Data items
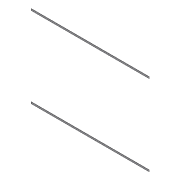
# Autodesk Inventor part: Tape_key
Saved by Autodesk Inventor 2012 (Build 160160000, 160)
## iProperties
Created: 2011-07-01
Part Number: Tape_key
Document SubType Name: Modeling
Designer: dfoster
Density: 1 g/cm^3
Material: Default
Author: dfoster
Autodesk Inventor part; units mm, degrees
ref_plane "YZ Plane" through (0, 0, 0) normal (1, 0, 0) x (0, 1, 0)
ref_plane "XZ Plane" through (0, 0, 0) normal (0, 1, 0) x (-1, 0, 0)
ref_plane "XY Plane" through (0, 0, 0) normal (0, 0, 1) x (1, 0, 0)
sketch "Sketch1" plane through (0, 0, 0) normal (0, 0, 1) x (1, 0, 0)
  line L0 (0, 0) -> (3683, 0)
  line L1 (3683, 0) -> (3683, 50.8)
  line L2 (3683, 50.8) -> (0, 50.8)
  line L3 (0, 50.8) -> (0, 0)
  dimension "d0" = 50.8
  dimension "d1" = 3683
  constraints: 8 end point, 2 parallel, 1 horizontal, 1 perpendicular
  measures "d0" distance between parallel lines of L0 L2
  measures "d1" distance of L0.start L0.end
extrude "Extrusion1" add sketch "Sketch1" along normal blind 4.7752
pattern_linear "Rectangular Pattern1" count 2 spacing 2514.6 along (0, 1, 0) of "Extrusion1"
body "Solid1"
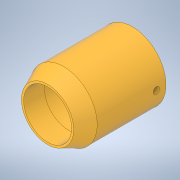
# Autodesk Inventor part: Nikon-Objective-Insulation_singe_cable_grooves_v2
Saved by Autodesk Inventor 2020 (Build 240168000, 168)
## iProperties
Created: 2018-11-08
Part Number: Nikon-Objective-Insulation_singe_cable_grooves_v2
Material: ABS Plastic
Document SubType Name: Modeling
Designer: rainer
Density: 1.06 g/cm^3
Appearance: Smooth - White
Author: rainer
Autodesk Inventor part; units mm, degrees
ref_plane "XZ Plane" through (0, 0, 0) normal (0, 1, 0) x (-1, 0, 0)
ref_plane "XY Plane" through (0, 0, 0) normal (0, 0, 1) x (1, 0, 0)
sketch "Sketch1" plane through (0, 0, 0) normal (0, 0, 1) x (1, 0, 0)
  circle A0 centre (0, 0) radius 15
  circle A1 centre (0, 0) radius 21
  dimension "d0" = 30
  dimension "d1" = 42
  constraints: 2 centre point, 2 coincident
  measures "d0" diameter of A0
  measures "d1" diameter of A1
extrude "Extrusion1" add sketch "Sketch1" along normal blind 53
sketch "Sketch2" plane through (0, 0, 0) normal (0, 0, -1) x (-1, 0, 0)
  circle A0 centre (0, 0) radius 17.5
  circle A1 centre (0, 0) radius 21
  dimension "d4" = 35
  dimension "d5" = 42
  constraints: 2 centre point, 2 coincident
  measures "d4" diameter of A0
  measures "d5" diameter of A1
extrude "Extrusion2" add sketch "Sketch2" along normal blind 5
chamfer "Chamfer2" distance 10 angle 25 1 edges at (-21, 0, 53)
thicken "Thicken1" operation add thickness 5 both sides no extend neighbours yes toward (0, 0, 1) faces at (-19.46042, -3.071218, -5)
sketch "Sketch3" plane through (0, 0, 0) normal (0, 0, -1) x (-1, 0, 0)
  circle A0 centre (0, 0) radius 15.25
  dimension "d16" = 30.5
  constraints: 1 centre point, 1 coincident
  measures "d16" diameter of A0
extrude "Extrusion3" cut sketch "Sketch3" against normal blind 40
sketch "Sketch4" plane through (0, 0, 0) normal (0, 0, -1) x (-1, 0, 0)
  circle A0 centre (0, 0) radius 15.25 projected
  circle A1 centre (-15.25, 0) radius 2
  dimension "d19" = 4
  constraints: 1 centre point, 1 horizontal alignment, 1 other
  measures "d19" diameter of A1
extrude "Extrusion4" cut sketch "Sketch4" against normal blind 40 contours A1 A0 | A0 A1 picked at (-14.573606, 0) picked at (-15.90694, 0)
sketch "Sketch5" plane through (0, 0, 40) normal (0, 0, -1) x (-1, 0, 0)
  circle A0 centre (0, 0) radius 15 projected
  circle A1 centre (-15, 0) radius 1.5
  point P0 (-14.925, -1.498124)
  point P1 (-14.925, 1.498124)
  dimension "d22" = 3
  constraints: 1 centre point, 2 other
  measures "d22" diameter of A1
extrude "Extrusion5" cut sketch "Sketch5" against normal blind 5 contours A0 A1 picked at (-15.490559, 0.062178)
ref_plane "Work Plane1" through (21, 0, 0) normal (1, 0, 0) x (0, 1, 0)
sketch "Sketch6" plane through (21, 0, 0) normal (1, 0, 0) x (0, 1, 0)
  circle A0 centre (0, 6) radius 2
  line L0 (-21, 0) -> (21, 0) projected
  point P0 (0, 0)
  dimension "d26" = 4
  dimension "d27" = 6
  constraints: 1 centre point
  measures "d26" diameter of A0
  measures "d27" distance from line of L0 A0.centre
extrude "Extrusion6" cut sketch "Sketch6" against normal blind 10
sketch "Sketch7" plane through (0, 0, 0) normal (0, 0, -1) x (-1, 0, 0)
  line L0 (0, 0) -> (-13.610618, 10.59781)
  line L1 (0, 0) -> (-16.169661, 6.008708)
  arc A0 (-15.118852, 1.995695) -> (-15.118852, -1.995695) centre (-15.25, 0) ccw
  arc A1 (-13.610618, 10.59781) -> (-17.25, 0) centre (0, 0) ccw
  arc A2 (-15.118852, -1.995695) -> (-15.118852, 1.995695) centre (0, 0) ccw
  arc A3 (-12.032576, 9.369078) -> (-15.25, 0) centre (0, 0) ccw
  circle A4 centre (-13.15738, 7.710113) radius 2
  point P0 (-14.882938, 8.721276)
  point P1 (-12.035243, 9.365652)
  dimension "d30" = 17.25
  dimension "d31" = 17.25
  dimension "d38" = 4
  constraints: 8 point on circle, 4 end point, 3 centre point, 1 point on line, 1 tangent
  measures "d30" distance of L0.start L0.end
  measures "d31" distance of L1.start L1.end
  measures "d38" diameter of A4
extrude "Extrusion7" cut sketch "Sketch7" against normal blind 40 contours A2 A4 | A4 A2 L1 A1 | A1 L1 A2 A0 picked at (-13.724174, 8.042249)
fillet "Fillet1" radius 1.9999 2 edges at (16.6477, 4.5184, 40) (16.6171, -1.4598, 40)
body "Solid1"

TASK:
Copy out, in full, each line above that has the word "distance" in it.

REPLY TO THE EXERCISE:
  measures "d0" distance between parallel lines of L0 L2
  measures "d1" distance of L0.start L0.end
chamfer "Chamfer2" distance 10 angle 25 1 edges at (-21, 0, 53)
  measures "d27" distance from line of L0 A0.centre
  measures "d30" distance of L0.start L0.end
  measures "d31" distance of L1.start L1.end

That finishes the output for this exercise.